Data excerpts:
● ● ● ● ●
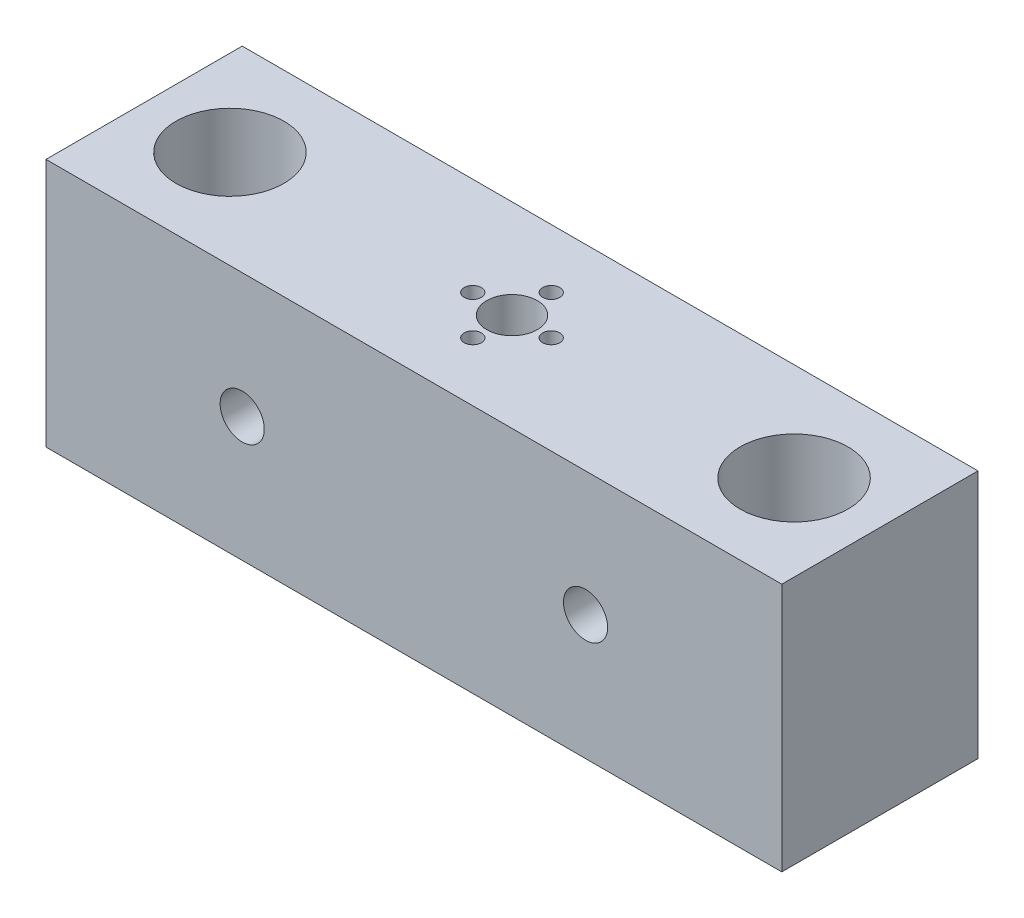
SolidWorks part; units mm, degrees
material "Liga 1060"
ref_plane "Frontal" through (0, 0, 0) normal (0, 0, 1) x (1, 0, 0)
ref_plane "Superior" through (0, 0, 0) normal (0, 1, 0) x (1, 0, 0)
ref_plane "Direito" through (0, 0, 0) normal (1, 0, 0) x (0, 0, -1)
sketch "Esboço1" plane through (0, 0, 0) normal (0, 1, 0) x (1, 0, 0)
  line L1 (-75, 20) -> (75, 20)
  line L2 (-75, 20) -> (-75, -20)
  line L3 (-75, -20) -> (75, -20)
  line L4 (75, 20) -> (75, -20)
  line L5 (-75, 20) -> (75, -20) construction
  line L6 (-75, -20) -> (75, 20) construction
  point P0 (0, 0)
  dimension "D1" = 150
  dimension "D2" = 40
extrude "Ressalto-extrusão1" add sketch "Esboço1" along normal blind 50.8
sketch "Esboço2" plane through (0, 50.8, 0) normal (0, 1, 0) x (1, 0, 0)
  line L0 (-75, 20) -> (-75, -20) construction
  line L2 (75, 20) -> (-75, 20) construction
  line L3 (75, -20) -> (75, 20) construction
  circle A0 centre (0, 0) radius 5.15
  circle A1 centre (-57.5, 0) radius 11
  circle A2 centre (57.5, 0) radius 11
  dimension "D1" = 22
  dimension "D2" = 22
  dimension "D3" = 10.3
  dimension "D4" = 17.5
  dimension "D5" = 17.5
  dimension "D6" = 20
  dimension "D7" = 20
extrude "Corte-extrusão1" cut sketch "Esboço2" against normal through all
sketch "Esboço3" plane through (0, 50.8, 0) normal (0, 1, 0) x (1, 0, 0)
  circle A0 centre (0, 0) radius 8
  circle A1 centre (0, 8) radius 1.75
  dimension "D1" = 3.5
extrude "Corte-extrusão2" cut sketch "Esboço3" against normal through all contours A0 A1 | A0 A1
pattern_circular "PadrãoCircular1" count 4 over 360 about axis through (0, 0, 0) along (0, 1, 0) of "Corte-extrusão2"
sketch "Esboço5" plane through (0, 0, -20) normal (0, 0, -1) x (-1, 0, 0)
  line L0 (-35, 25.4) -> (35, 25.4) construction
  line L1 (75, 50.8) -> (75, 0) construction
  line L2 (-75, 50.8) -> (-75, 0) construction
  line L4 (-75, 25.4) -> (75, 25.4) construction
  circle A0 centre (35, 25.4) radius 4
  circle A1 centre (-35, 25.4) radius 4
  dimension "D3" = 8
  dimension "D1" = 40
  dimension "D2" = 40
extrude "Corte-extrusão3" cut sketch "Esboço5" against normal through all
hole_wizard "Furo roscado de M10x1.01" positions "Esboço6" profile "Esboço7" tap size "M10x1.0" standard "ISO" end condition through all
sketch "Esboço6" plane through (0, 0, -20) normal (0, 0, -1) x (-1, 0, 0)
  point P0 (35, 25.4)
  point P3 (-35, 25.4)
sketch "Esboço7" plane through (-35, 25.4, -20) normal (1, 0, 0) x (0, 1, 0)
  line L0 (0, 0) -> (0, 40)
  line L1 (0, 40) -> (4.5, 40)
  line L2 (4.5, 40) -> (4.5, 0.525)
  line L3 (4.5, 0.525) -> (5.025, 0)
  line L5 (5.025, 0) -> (0, 0)
  line L6 (-4.5, 0.525) -> (-5.025, 0) construction
  line L11 (0, -6.35) -> (0, 107.95) construction
  dimension "Thru Tap Drill Dia." = 9
  dimension "Thru Tap Drill Depth" = 40
  dimension "Near C'Sink Dia." = 10.05
  dimension "Near C'Sink Angle" = 90
cosmetic thread "Rosca de furo1" parameters "D2"=10
cosmetic thread "Rosca de furo2" parameters "D2"=10
● ● ● ● ●
The copy must include every record exactly and none of the pictures.

Answer to the problem:
SolidWorks part; units mm, degrees
material "Liga 1060"
ref_plane "Frontal" through (0, 0, 0) normal (0, 0, 1) x (1, 0, 0)
ref_plane "Superior" through (0, 0, 0) normal (0, 1, 0) x (1, 0, 0)
ref_plane "Direito" through (0, 0, 0) normal (1, 0, 0) x (0, 0, -1)
sketch "Esboço1" plane through (0, 0, 0) normal (0, 1, 0) x (1, 0, 0)
  line L1 (-75, 20) -> (75, 20)
  line L2 (-75, 20) -> (-75, -20)
  line L3 (-75, -20) -> (75, -20)
  line L4 (75, 20) -> (75, -20)
  line L5 (-75, 20) -> (75, -20) construction
  line L6 (-75, -20) -> (75, 20) construction
  point P0 (0, 0)
  dimension "D1" = 150
  dimension "D2" = 40
extrude "Ressalto-extrusão1" add sketch "Esboço1" along normal blind 50.8
sketch "Esboço2" plane through (0, 50.8, 0) normal (0, 1, 0) x (1, 0, 0)
  line L0 (-75, 20) -> (-75, -20) construction
  line L2 (75, 20) -> (-75, 20) construction
  line L3 (75, -20) -> (75, 20) construction
  circle A0 centre (0, 0) radius 5.15
  circle A1 centre (-57.5, 0) radius 11
  circle A2 centre (57.5, 0) radius 11
  dimension "D1" = 22
  dimension "D2" = 22
  dimension "D3" = 10.3
  dimension "D4" = 17.5
  dimension "D5" = 17.5
  dimension "D6" = 20
  dimension "D7" = 20
extrude "Corte-extrusão1" cut sketch "Esboço2" against normal through all
sketch "Esboço3" plane through (0, 50.8, 0) normal (0, 1, 0) x (1, 0, 0)
  circle A0 centre (0, 0) radius 8
  circle A1 centre (0, 8) radius 1.75
  dimension "D1" = 3.5
extrude "Corte-extrusão2" cut sketch "Esboço3" against normal through all contours A0 A1 | A0 A1
pattern_circular "PadrãoCircular1" count 4 over 360 about axis through (0, 0, 0) along (0, 1, 0) of "Corte-extrusão2"
sketch "Esboço5" plane through (0, 0, -20) normal (0, 0, -1) x (-1, 0, 0)
  line L0 (-35, 25.4) -> (35, 25.4) construction
  line L1 (75, 50.8) -> (75, 0) construction
  line L2 (-75, 50.8) -> (-75, 0) construction
  line L4 (-75, 25.4) -> (75, 25.4) construction
  circle A0 centre (35, 25.4) radius 4
  circle A1 centre (-35, 25.4) radius 4
  dimension "D3" = 8
  dimension "D1" = 40
  dimension "D2" = 40
extrude "Corte-extrusão3" cut sketch "Esboço5" against normal through all
hole_wizard "Furo roscado de M10x1.01" positions "Esboço6" profile "Esboço7" tap size "M10x1.0" standard "ISO" end condition through all
sketch "Esboço6" plane through (0, 0, -20) normal (0, 0, -1) x (-1, 0, 0)
  point P0 (35, 25.4)
  point P3 (-35, 25.4)
sketch "Esboço7" plane through (-35, 25.4, -20) normal (1, 0, 0) x (0, 1, 0)
  line L0 (0, 0) -> (0, 40)
  line L1 (0, 40) -> (4.5, 40)
  line L2 (4.5, 40) -> (4.5, 0.525)
  line L3 (4.5, 0.525) -> (5.025, 0)
  line L5 (5.025, 0) -> (0, 0)
  line L6 (-4.5, 0.525) -> (-5.025, 0) construction
  line L11 (0, -6.35) -> (0, 107.95) construction
  dimension "Thru Tap Drill Dia." = 9
  dimension "Thru Tap Drill Depth" = 40
  dimension "Near C'Sink Dia." = 10.05
  dimension "Near C'Sink Angle" = 90
cosmetic thread "Rosca de furo1" parameters "D2"=10
cosmetic thread "Rosca de furo2" parameters "D2"=10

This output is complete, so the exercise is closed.